Juniper will launch two new models of the EX line for data centres, with help from new partners IBM, Intel and Dell - almost a year after Cisco launched its Nexus data centre switches and its acquisition of Nuova, which Cisco could use to enter the data centre server business.

Service provider strategies

Juniper's service provider business plans included core networking, Intelligent Services Edge, metro Ethernet solutions, managed services, network management and mobile transition to broadband data with new partner Nokia Siemens Networks (NSN).

An common presentation theme was the Apple iPhone and the plethora of applications being developed for it in open source, signalling Juniper's interest in adding value to the network layer through independent third-party developers. Juniper believes this approach can prevent network commoditization. We are not convinced this will be successful.

The outlook for Juniper's ISE was rosier as carriers are expected to continue their strategic edge build-outs. Juniper explained that other vendors (such as Cisco) are in a product transition, but Juniper edge products are available now to help carriers converge infrastructure while avoiding service commoditization.

Network management and mobile strategies

Juniper is planning an Xbox 360-like interface for the next generation of JUNOS users. Imagine network managers slaying intruders while tuning their traffic flows.

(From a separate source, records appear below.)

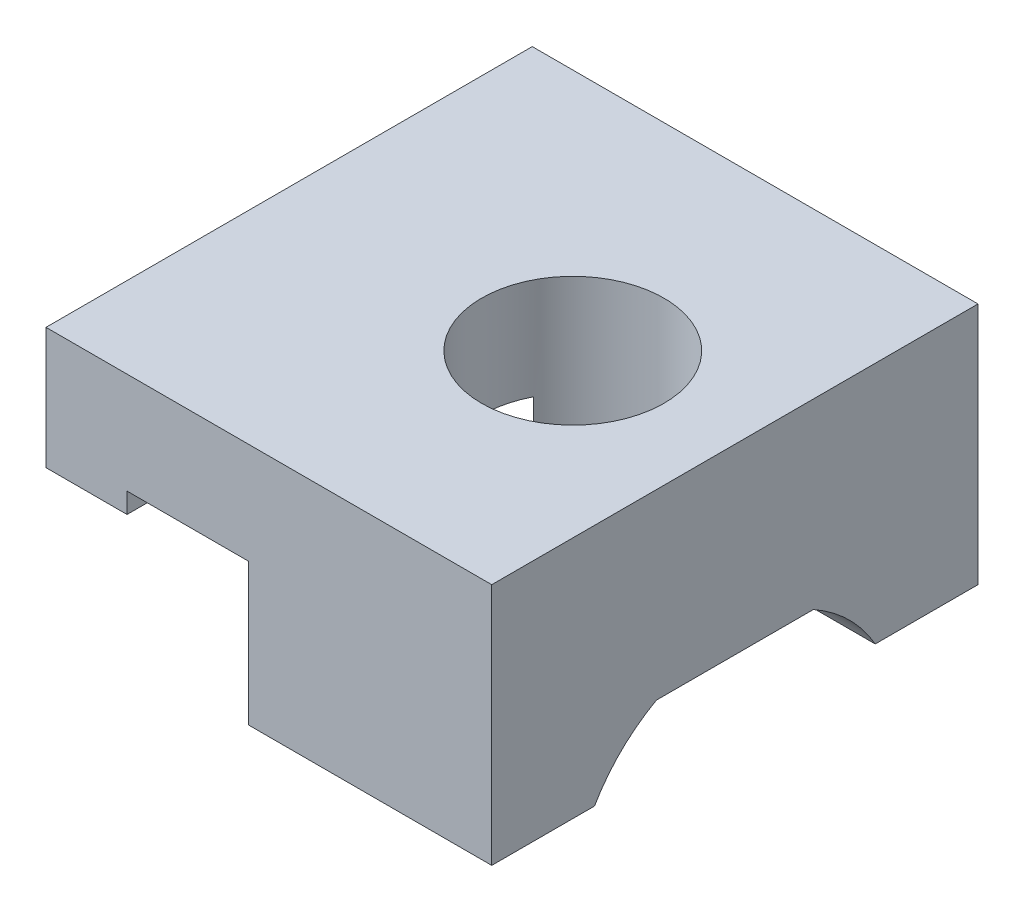
ISO-10303-21;
HEADER;
FILE_DESCRIPTION(('STEP AP214'),'2;1');
FILE_NAME('part.step','',(''),(''),'','','');
FILE_SCHEMA(('AUTOMOTIVE_DESIGN { 1 0 10303 214 1 1 1 1 }'));
ENDSEC;
DATA;
#1=APPLICATION_CONTEXT('core data for automotive mechanical design processes');
#2=APPLICATION_PROTOCOL_DEFINITION('international standard','automotive_design',2000,#1);
#3=PRODUCT_CONTEXT('',#1,'mechanical');
#4=PRODUCT('Part','Part','',(#3));
#5=PRODUCT_RELATED_PRODUCT_CATEGORY('part','',(#4));
#6=PRODUCT_DEFINITION_FORMATION('','',#4);
#7=PRODUCT_DEFINITION_CONTEXT('part definition',#1,'design');
#8=PRODUCT_DEFINITION('design','',#6,#7);
#9=PRODUCT_DEFINITION_SHAPE('','',#8);
#10=(LENGTH_UNIT() NAMED_UNIT(*) SI_UNIT(.MILLI.,.METRE.));
#11=(NAMED_UNIT(*) PLANE_ANGLE_UNIT() SI_UNIT($,.RADIAN.));
#12=(NAMED_UNIT(*) SI_UNIT($,.STERADIAN.) SOLID_ANGLE_UNIT());
#13=UNCERTAINTY_MEASURE_WITH_UNIT(LENGTH_MEASURE(1.E-05),#10,'distance_accuracy_value','');
#14=(GEOMETRIC_REPRESENTATION_CONTEXT(3) GLOBAL_UNCERTAINTY_ASSIGNED_CONTEXT((#13)) GLOBAL_UNIT_ASSIGNED_CONTEXT((#10,
#11,#12)) REPRESENTATION_CONTEXT('',''));
#15=CARTESIAN_POINT('',(0.,0.,0.));
#16=DIRECTION('',(0.,0.,1.));
#17=DIRECTION('',(1.,0.,0.));
#18=AXIS2_PLACEMENT_3D('',#15,#16,#17);
#19=CARTESIAN_POINT('',(-7.,-4.5,1.93649167310371));
#20=DIRECTION('',(0.,-1.,0.));
#21=DIRECTION('',(0.,0.,-1.));
#22=AXIS2_PLACEMENT_3D('',#19,#20,#21);
#23=PLANE('',#22);
#24=CARTESIAN_POINT('',(0.,-4.5,0.));
#25=DIRECTION('',(0.,-1.,0.));
#26=DIRECTION('',(0.,0.,-1.));
#27=AXIS2_PLACEMENT_3D('',#24,#25,#26);
#28=CIRCLE('',#27,2.25);
#29=CARTESIAN_POINT('',(1.14564392373896,-4.5,-1.93649167310371));
#30=VERTEX_POINT('',#29);
#31=CARTESIAN_POINT('',(1.14564392373896,-4.5,1.93649167310371));
#32=VERTEX_POINT('',#31);
#33=EDGE_CURVE('E264',#30,#32,#28,.T.);
#34=ORIENTED_EDGE('',*,*,#33,.F.);
#35=DIRECTION('',(1.,0.,0.));
#36=VECTOR('',#35,1.);
#37=CARTESIAN_POINT('',(-7.,-4.5,-1.93649167310371));
#38=LINE('',#37,#36);
#39=CARTESIAN_POINT('',(4.,-4.5,-1.93649167310371));
#40=VERTEX_POINT('',#39);
#41=EDGE_CURVE('E222',#30,#40,#38,.T.);
#42=ORIENTED_EDGE('',*,*,#41,.T.);
#43=DIRECTION('',(0.,0.,-1.));
#44=VECTOR('',#43,1.);
#45=CARTESIAN_POINT('',(4.,-4.5,1.93649167310371));
#46=LINE('',#45,#44);
#47=CARTESIAN_POINT('',(4.,-4.5,1.93649167310371));
#48=VERTEX_POINT('',#47);
#49=EDGE_CURVE('E203',#48,#40,#46,.T.);
#50=ORIENTED_EDGE('',*,*,#49,.F.);
#51=DIRECTION('',(1.,0.,0.));
#52=VECTOR('',#51,1.);
#53=CARTESIAN_POINT('',(-7.,-4.5,1.93649167310371));
#54=LINE('',#53,#52);
#55=EDGE_CURVE('E226',#32,#48,#54,.T.);
#56=ORIENTED_EDGE('',*,*,#55,.F.);
#57=EDGE_LOOP('',(#34,#42,#50,#56));
#58=FACE_BOUND('',#57,.T.);
#59=ADVANCED_FACE('F36',(#58),#23,.T.);
#60=CARTESIAN_POINT('',(-1.14564392373896,-4.5,1.93649167310371));
#61=VERTEX_POINT('',#60);
#62=CARTESIAN_POINT('',(-2.,-4.5,1.03077640640442));
#63=VERTEX_POINT('',#62);
#64=EDGE_CURVE('E51',#61,#63,#28,.T.);
#65=ORIENTED_EDGE('',*,*,#64,.F.);
#66=CARTESIAN_POINT('',(-2.,-4.5,1.93649167310371));
#67=VERTEX_POINT('',#66);
#68=EDGE_CURVE('E223',#67,#61,#54,.T.);
#69=ORIENTED_EDGE('',*,*,#68,.F.);
#70=DIRECTION('',(0.,0.,1.));
#71=VECTOR('',#70,1.);
#72=CARTESIAN_POINT('',(-2.,-4.5,1.93649167310371));
#73=LINE('',#72,#71);
#74=EDGE_CURVE('E178',#63,#67,#73,.T.);
#75=ORIENTED_EDGE('',*,*,#74,.F.);
#76=EDGE_LOOP('',(#65,#69,#75));
#77=FACE_BOUND('',#76,.T.);
#78=ADVANCED_FACE('F310',(#77),#23,.T.);
#79=CARTESIAN_POINT('',(-2.,-2.5,-6.));
#80=DIRECTION('',(1.,0.,0.));
#81=DIRECTION('',(0.,1.,0.));
#82=AXIS2_PLACEMENT_3D('',#79,#80,#81);
#83=PLANE('',#82);
#84=CARTESIAN_POINT('',(-2.,-4.5,-1.93649167310371));
#85=VERTEX_POINT('',#84);
#86=CARTESIAN_POINT('',(-2.,-4.5,-1.03077640640442));
#87=VERTEX_POINT('',#86);
#88=EDGE_CURVE('E180',#85,#87,#73,.T.);
#89=ORIENTED_EDGE('',*,*,#88,.T.);
#90=DIRECTION('',(0.,1.,0.));
#91=VECTOR('',#90,1.);
#92=CARTESIAN_POINT('',(-2.,-6.00000000000001,-1.03077640640442));
#93=LINE('',#92,#91);
#94=CARTESIAN_POINT('',(-2.,-2.5,-1.03077640640441));
#95=VERTEX_POINT('',#94);
#96=EDGE_CURVE('E11',#87,#95,#93,.T.);
#97=ORIENTED_EDGE('',*,*,#96,.T.);
#98=DIRECTION('',(0.,0.,1.));
#99=VECTOR('',#98,1.);
#100=CARTESIAN_POINT('',(-2.,-2.5,-6.));
#101=LINE('',#100,#99);
#102=CARTESIAN_POINT('',(-2.,-2.5,-6.));
#103=VERTEX_POINT('',#102);
#104=EDGE_CURVE('E161',#103,#95,#101,.T.);
#105=ORIENTED_EDGE('',*,*,#104,.F.);
#106=DIRECTION('',(0.,1.,0.));
#107=VECTOR('',#106,1.);
#108=CARTESIAN_POINT('',(-2.,-2.5,-6.));
#109=LINE('',#108,#107);
#110=CARTESIAN_POINT('',(-2.,-6.,-6.));
#111=VERTEX_POINT('',#110);
#112=EDGE_CURVE('E354',#111,#103,#109,.T.);
#113=ORIENTED_EDGE('',*,*,#112,.F.);
#114=DIRECTION('',(0.,0.,1.));
#115=VECTOR('',#114,1.);
#116=CARTESIAN_POINT('',(-2.,-6.,-6.));
#117=LINE('',#116,#115);
#118=CARTESIAN_POINT('',(-2.,-6.,-3.46410161513776));
#119=VERTEX_POINT('',#118);
#120=EDGE_CURVE('E168',#111,#119,#117,.T.);
#121=ORIENTED_EDGE('',*,*,#120,.T.);
#122=CARTESIAN_POINT('',(-1.99999999999999,-8.,0.));
#123=DIRECTION('',(1.,0.,0.));
#124=DIRECTION('',(0.,1.,0.));
#125=AXIS2_PLACEMENT_3D('',#122,#123,#124);
#126=CIRCLE('',#125,4.);
#127=EDGE_CURVE('E183',#119,#85,#126,.T.);
#128=ORIENTED_EDGE('',*,*,#127,.T.);
#129=EDGE_LOOP('',(#89,#97,#105,#113,#121,#128));
#130=FACE_BOUND('',#129,.T.);
#131=ADVANCED_FACE('F259',(#130),#83,.F.);
#132=CARTESIAN_POINT('',(-7.,-6.,-3.46410161513776));
#133=DIRECTION('',(0.,-1.,0.));
#134=DIRECTION('',(0.,0.,-1.));
#135=AXIS2_PLACEMENT_3D('',#132,#133,#134);
#136=PLANE('',#135);
#137=ORIENTED_EDGE('',*,*,#120,.F.);
#138=DIRECTION('',(1.,0.,0.));
#139=VECTOR('',#138,1.);
#140=CARTESIAN_POINT('',(-7.,-6.,-6.));
#141=LINE('',#140,#139);
#142=CARTESIAN_POINT('',(4.,-6.,-6.));
#143=VERTEX_POINT('',#142);
#144=EDGE_CURVE('E217',#111,#143,#141,.T.);
#145=ORIENTED_EDGE('',*,*,#144,.T.);
#146=DIRECTION('',(0.,0.,-1.));
#147=VECTOR('',#146,1.);
#148=CARTESIAN_POINT('',(4.,-6.,-3.46410161513776));
#149=LINE('',#148,#147);
#150=CARTESIAN_POINT('',(4.,-6.,-3.46410161513776));
#151=VERTEX_POINT('',#150);
#152=EDGE_CURVE('E185',#151,#143,#149,.T.);
#153=ORIENTED_EDGE('',*,*,#152,.F.);
#154=DIRECTION('',(1.,0.,0.));
#155=VECTOR('',#154,1.);
#156=CARTESIAN_POINT('',(-7.,-6.,-3.46410161513776));
#157=LINE('',#156,#155);
#158=EDGE_CURVE('E153',#119,#151,#157,.T.);
#159=ORIENTED_EDGE('',*,*,#158,.F.);
#160=EDGE_LOOP('',(#137,#145,#153,#159));
#161=FACE_BOUND('',#160,.T.);
#162=ADVANCED_FACE('F38',(#161),#136,.T.);
#163=CARTESIAN_POINT('',(-7.,-8.,0.));
#164=DIRECTION('',(1.,0.,0.));
#165=DIRECTION('',(0.,0.,-1.));
#166=AXIS2_PLACEMENT_3D('',#163,#164,#165);
#167=CYLINDRICAL_SURFACE('',#166,4.);
#168=CARTESIAN_POINT('',(-1.14564392373896,-4.5,-1.93649167310371));
#169=CARTESIAN_POINT('',(-1.09778182214494,-4.51566346914362,-1.96480190289853));
#170=CARTESIAN_POINT('',(-1.04876808380896,-4.53083235144372,-1.99140718341612));
#171=CARTESIAN_POINT('',(-0.948535738637303,-4.55981004117387,-2.04105824804769));
#172=CARTESIAN_POINT('',(-0.897315465528216,-4.57361779392164,-2.06410127965859));
#173=CARTESIAN_POINT('',(-0.740235928474006,-4.61249828958174,-2.12775059739055));
#174=CARTESIAN_POINT('',(-0.631299150677666,-4.63491174746705,-2.16267389014364));
#175=CARTESIAN_POINT('',(-0.407242869848007,-4.66967418381912,-2.21584535062321));
#176=CARTESIAN_POINT('',(-0.292094946403759,-4.68197181404216,-2.23400849937657));
#177=CARTESIAN_POINT('',(-0.0600221423039493,-4.69428407382752,-2.25219410842659));
#178=CARTESIAN_POINT('',(0.0568960345066939,-4.69433709649466,-2.25227327125629));
#179=CARTESIAN_POINT('',(0.278683306489306,-4.68278400494209,-2.2352071398586));
#180=CARTESIAN_POINT('',(0.38372628736418,-4.67217671296639,-2.21953743511027));
#181=CARTESIAN_POINT('',(0.589559404268582,-4.64222047475288,-2.17394808269468));
#182=CARTESIAN_POINT('',(0.690341202752449,-4.62285518612291,-2.14400178927906));
#183=CARTESIAN_POINT('',(0.85051141456575,-4.58574571493174,-2.0841351235281));
#184=CARTESIAN_POINT('',(0.911821823498329,-4.56989523569611,-2.05802973566078));
#185=CARTESIAN_POINT('',(1.03116792644957,-4.53625177561464,-2.0008852671472));
#186=CARTESIAN_POINT('',(1.08921773014296,-4.51846833118386,-1.96987009147454));
#187=CARTESIAN_POINT('',(1.14564392373896,-4.5,-1.93649167310371));
#188=B_SPLINE_CURVE_WITH_KNOTS('',3,(#168,#169,#170,#171,#172,#173,#174,#175,#176,#177,#178,
#179,#180,#181,#182,#183,#184,#185,#186,#187),.UNSPECIFIED.,.F.,.F.,(4,2,2,2,2,2,2,2,2,4),(0.,
0.173238589768801,0.346610376774275,0.694582142489005,1.04430950952511,1.39294028752847,
1.71169270050583,2.03104237431649,2.23627042588077,2.4405283606726),.UNSPECIFIED.);
#189=CARTESIAN_POINT('',(-1.14564392373896,-4.5,-1.93649167310371));
#190=VERTEX_POINT('',#189);
#191=EDGE_CURVE('E267',#190,#30,#188,.T.);
#192=ORIENTED_EDGE('',*,*,#191,.F.);
#193=EDGE_CURVE('E219',#85,#190,#38,.T.);
#194=ORIENTED_EDGE('',*,*,#193,.F.);
#195=ORIENTED_EDGE('',*,*,#127,.F.);
#196=ORIENTED_EDGE('',*,*,#158,.T.);
#197=CARTESIAN_POINT('',(4.,-8.,0.));
#198=DIRECTION('',(-1.,0.,0.));
#199=DIRECTION('',(0.,0.,-1.));
#200=AXIS2_PLACEMENT_3D('',#197,#198,#199);
#201=CIRCLE('',#200,4.);
#202=EDGE_CURVE('E206',#40,#151,#201,.T.);
#203=ORIENTED_EDGE('',*,*,#202,.F.);
#204=ORIENTED_EDGE('',*,*,#41,.F.);
#205=EDGE_LOOP('',(#192,#194,#195,#196,#203,#204));
#206=FACE_BOUND('',#205,.T.);
#207=ADVANCED_FACE('F254',(#206),#167,.F.);
#208=EDGE_CURVE('E263',#87,#190,#28,.T.);
#209=ORIENTED_EDGE('',*,*,#208,.F.);
#210=ORIENTED_EDGE('',*,*,#88,.F.);
#211=ORIENTED_EDGE('',*,*,#193,.T.);
#212=EDGE_LOOP('',(#209,#210,#211));
#213=FACE_BOUND('',#212,.T.);
#214=ADVANCED_FACE('F262',(#213),#23,.T.);
#215=CARTESIAN_POINT('',(-7.,-8.,0.));
#216=DIRECTION('',(1.,0.,0.));
#217=DIRECTION('',(0.,0.,-1.));
#218=AXIS2_PLACEMENT_3D('',#215,#216,#217);
#219=CYLINDRICAL_SURFACE('',#218,4.);
#220=CARTESIAN_POINT('',(1.14564392373896,-4.5,1.93649167310371));
#221=CARTESIAN_POINT('',(1.09778182214493,-4.51566346914362,1.96480190289853));
#222=CARTESIAN_POINT('',(1.04876808380896,-4.53083235144372,1.99140718341612));
#223=CARTESIAN_POINT('',(0.948535738637302,-4.55981004117387,2.04105824804769));
#224=CARTESIAN_POINT('',(0.897315465528216,-4.57361779392164,2.0641012796586));
#225=CARTESIAN_POINT('',(0.740235928474005,-4.61249828958174,2.12775059739055));
#226=CARTESIAN_POINT('',(0.631299150677665,-4.63491174746705,2.16267389014364));
#227=CARTESIAN_POINT('',(0.407242869848006,-4.66967418381912,2.21584535062321));
#228=CARTESIAN_POINT('',(0.292094946403757,-4.68197181404216,2.23400849937657));
#229=CARTESIAN_POINT('',(0.0600221423039475,-4.69428407382752,2.25219410842659));
#230=CARTESIAN_POINT('',(-0.0568960345066958,-4.69433709649466,2.25227327125629));
#231=CARTESIAN_POINT('',(-0.278683306489307,-4.68278400494209,2.2352071398586));
#232=CARTESIAN_POINT('',(-0.383726287364182,-4.67217671296639,2.21953743511027));
#233=CARTESIAN_POINT('',(-0.589559404268584,-4.64222047475288,2.17394808269468));
#234=CARTESIAN_POINT('',(-0.690341202752451,-4.62285518612291,2.14400178927906));
#235=CARTESIAN_POINT('',(-0.850511414565751,-4.58574571493174,2.0841351235281));
#236=CARTESIAN_POINT('',(-0.911821823498329,-4.56989523569611,2.05802973566078));
#237=CARTESIAN_POINT('',(-1.03116792644957,-4.53625177561464,2.0008852671472));
#238=CARTESIAN_POINT('',(-1.08921773014296,-4.51846833118386,1.96987009147454));
#239=CARTESIAN_POINT('',(-1.14564392373896,-4.5,1.93649167310371));
#240=B_SPLINE_CURVE_WITH_KNOTS('',3,(#220,#221,#222,#223,#224,#225,#226,#227,#228,#229,#230,
#231,#232,#233,#234,#235,#236,#237,#238,#239),.UNSPECIFIED.,.F.,.F.,(4,2,2,2,2,2,2,2,2,4),(0.,
0.173238589768801,0.346610376774276,0.694582142489005,1.04430950952511,1.39294028752847,
1.71169270050583,2.03104237431649,2.23627042588077,2.4405283606726),.UNSPECIFIED.);
#241=EDGE_CURVE('E265',#32,#61,#240,.T.);
#242=ORIENTED_EDGE('',*,*,#241,.F.);
#243=ORIENTED_EDGE('',*,*,#55,.T.);
#244=CARTESIAN_POINT('',(4.,-8.,0.));
#245=DIRECTION('',(-1.,0.,0.));
#246=DIRECTION('',(0.,0.,-1.));
#247=AXIS2_PLACEMENT_3D('',#244,#245,#246);
#248=CIRCLE('',#247,4.);
#249=CARTESIAN_POINT('',(4.,-6.,3.46410161513776));
#250=VERTEX_POINT('',#249);
#251=EDGE_CURVE('E200',#250,#48,#248,.T.);
#252=ORIENTED_EDGE('',*,*,#251,.F.);
#253=DIRECTION('',(1.,0.,0.));
#254=VECTOR('',#253,1.);
#255=CARTESIAN_POINT('',(-7.,-6.,3.46410161513776));
#256=LINE('',#255,#254);
#257=CARTESIAN_POINT('',(-2.,-6.,3.46410161513776));
#258=VERTEX_POINT('',#257);
#259=EDGE_CURVE('E227',#258,#250,#256,.T.);
#260=ORIENTED_EDGE('',*,*,#259,.F.);
#261=CARTESIAN_POINT('',(-1.99999999999999,-8.,0.));
#262=DIRECTION('',(1.,0.,0.));
#263=DIRECTION('',(0.,1.,0.));
#264=AXIS2_PLACEMENT_3D('',#261,#262,#263);
#265=CIRCLE('',#264,4.);
#266=EDGE_CURVE('E176',#67,#258,#265,.T.);
#267=ORIENTED_EDGE('',*,*,#266,.F.);
#268=ORIENTED_EDGE('',*,*,#68,.T.);
#269=EDGE_LOOP('',(#242,#243,#252,#260,#267,#268));
#270=FACE_BOUND('',#269,.T.);
#271=ADVANCED_FACE('F283',(#270),#219,.F.);
#272=CARTESIAN_POINT('',(-7.,-6.,6.));
#273=DIRECTION('',(0.,-1.,0.));
#274=DIRECTION('',(0.,0.,-1.));
#275=AXIS2_PLACEMENT_3D('',#272,#273,#274);
#276=PLANE('',#275);
#277=CARTESIAN_POINT('',(-2.,-6.,6.));
#278=VERTEX_POINT('',#277);
#279=EDGE_CURVE('E171',#258,#278,#117,.T.);
#280=ORIENTED_EDGE('',*,*,#279,.F.);
#281=ORIENTED_EDGE('',*,*,#259,.T.);
#282=DIRECTION('',(0.,0.,-1.));
#283=VECTOR('',#282,1.);
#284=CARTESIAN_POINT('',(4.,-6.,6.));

We're still waiting to see a JUNOS contender to Halo 3.
 
Juniper recently partnered NSN for mobile Evolved Packet Core, giving Juniper a much-needed mobile story. The two plan to integrate their mobile offers under the ASPEN NMS umbrella, with availability in the second half of 2009.

ASPEN is the network management solution from the Atrica acquisition. If Juniper and NSN can avoid the typical alliance partner pitfalls of channel conflict and lack of integration investment, the combination will deserve serious consideration by mobile operators looking to LTE solutions.